Zo verscheen er in het “Zondagblad” van de “Vooruit” op 22 juli 1917 een artikel over Isidoor De Vos, van de hand van Emiel Callant, in de rubriek “Verdwenen Toondichters – Kleine Studiën”.

Zoals de meeste onzer Vlaamsche toondichters, behoorde Isidoor De Vos wien wij deze kleien studie wijden, tot den werkersstand. Hij werd te Gent geboren den 1 December 1850. Zijn vader, schoenmaker van stiel, vestigde zich weinigen tijd na de geboorte van zijn zoon, te Sint-Amandsberg, alwaar hij, benevens zijne schoenmakerij, een tabakswinkel oprichtte.

Het was in deze wij, die toen nog tot het grondgebied van Gent behoorde, dat Isidoor De Vos zijne kinderjaren doorbracht. Wanneer de tijd kwam om aan het onderwijs van zijn kind te denken, zag vader De Vos, dat aan het voornemen om Isidoor naar eene betalende school te zenden, geen gevolg kon worden gegeven, alhoewel hij het heel anders wenschte. Het onderhoud van het huisgezin, dat reeds een tal kinderen telde, werd met den dag lastiger en vader De Vos had het druk om door zijn werk voor vrouw en kroost te zorgen. Isidoor werd dus eenvoudig naar eene kostelooze, lagere school gezonden.

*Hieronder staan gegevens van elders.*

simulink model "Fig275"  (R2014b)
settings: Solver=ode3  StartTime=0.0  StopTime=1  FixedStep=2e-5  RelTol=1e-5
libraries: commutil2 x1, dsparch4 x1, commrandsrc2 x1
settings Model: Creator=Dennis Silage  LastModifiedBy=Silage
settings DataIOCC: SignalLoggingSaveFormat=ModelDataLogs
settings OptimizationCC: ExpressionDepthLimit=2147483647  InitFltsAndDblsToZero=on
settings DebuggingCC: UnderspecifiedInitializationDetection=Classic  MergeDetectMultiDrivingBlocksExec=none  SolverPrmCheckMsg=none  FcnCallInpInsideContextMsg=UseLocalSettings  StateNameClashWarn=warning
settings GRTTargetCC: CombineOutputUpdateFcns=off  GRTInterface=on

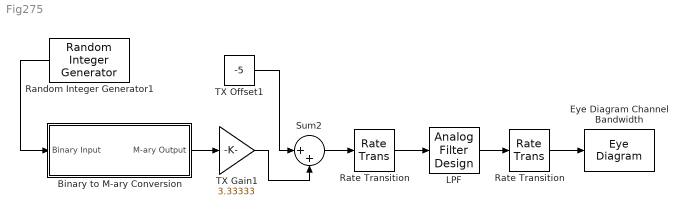
== system Fig275 ==
  Binary to M-ary Conversion : Subsystem
  Eye Diagram Channel Bandwidth : EyeDiagram  Tag=EyeDiagram
  LPF : dsparch4/Analog Filter Design  method=Chebyshev I  filttype=Lowpass  N=9  Wlo=2*pi*1200  Whi=80  Rp=0.1  Rs=40
  Random Integer Generator1 : commrandsrc2/Random Integer Generator  mul=2  seed=randseed  Ts=1e-3  frameBased=off  sampPerFrame=1  orient=off  outDataType=double
  Rate Transition : RateTransition  OutPortSampleTime=2e-5
  "Rate Transition " : RateTransition  OutPortSampleTime=2e-5
  Sum2 : Sum  Inputs=|++
  TX Gain1 : Gain  Gain=3.33333
  TX Offset1 : Constant  Value=-5
  wires:
  LPF/1 -> "Rate Transition "/1
  Random Integer Generator1/1 -> Binary to M-ary Conversion/1(Binary Input)
  TX Gain1/1 -> Sum2/2
  TX Offset1/1 -> Sum2/1
  Binary to M-ary Conversion/1("M-ary Output ") -> TX Gain1/1
  Rate Transition/1 -> LPF/1
  Sum2/1 -> Rate Transition/1
  "Rate Transition "/1 -> Eye Diagram Channel Bandwidth/1

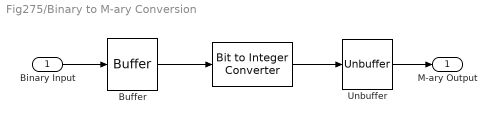
== system Fig275/Binary to M-ary Conversion ==
  Binary Input : Inport
  " " : commutil2/Bit to Integer Converter  nbits=2  bitOrder=MSB first  signedOutputValues=Unsigned  outDtype=Inherit via internal rule  outDtypeSigned=Inherit via internal rule
  Buffer : Buffer  N=2  TreatMby1Signals=One channel
  Unbuffer : Unbuffer  SampleBasedProcessing=Same as frame based
  "M-ary Output " : Outport
  wires:
  Binary Input/1 -> Buffer/1
  Buffer/1 -> " "/1
  " "/1 -> Unbuffer/1
  Unbuffer/1 -> "M-ary Output "/1

Naar wij lezen in de Levensschets van Isidoor De Vos (1), door Julius Wytynck, maakte de jongeling in de studie der Vlaamsche taal op korten tijd merkelijken vooruitgang; doch wanneer de dag kwam om aan het Fransch leeren te beginnen, moest hij de school verlaten om ten zijnent het schoenmaken aan te vatten en aldus zijn vader in de broodwinning behulpzaam te zijn.

Zóó verliep er een geruimen tijd en Isidoor zat op den schoenmakersstoel zijn vader knap ter zijde. Intusschen werd hij ook als koraal in de parochiekerk aangesteld, waar hij door zijne aangename stem veel genoegen deed. Op zekeren dag echter, ondervond hij dat het zingen hem nadeelig werd voor zijne gezondheid en zegde vaarwel aan het kerkzingen. Ook de schoenmakersstiel werd hem ten slotte te lastig: eene lichte borstkwaal, die hem toen reeds aantastte, hinderde hem zeer den ganschen dag met het hoofd gebogen te zitten.

Een andere stiel aanleeren was nu zijne eenige wensch, zijn vurigste verlangen geworden, want het schoenmaken paste niet – dit gevoeld hij maar al te wel, – met zijn tengere gesteltenis.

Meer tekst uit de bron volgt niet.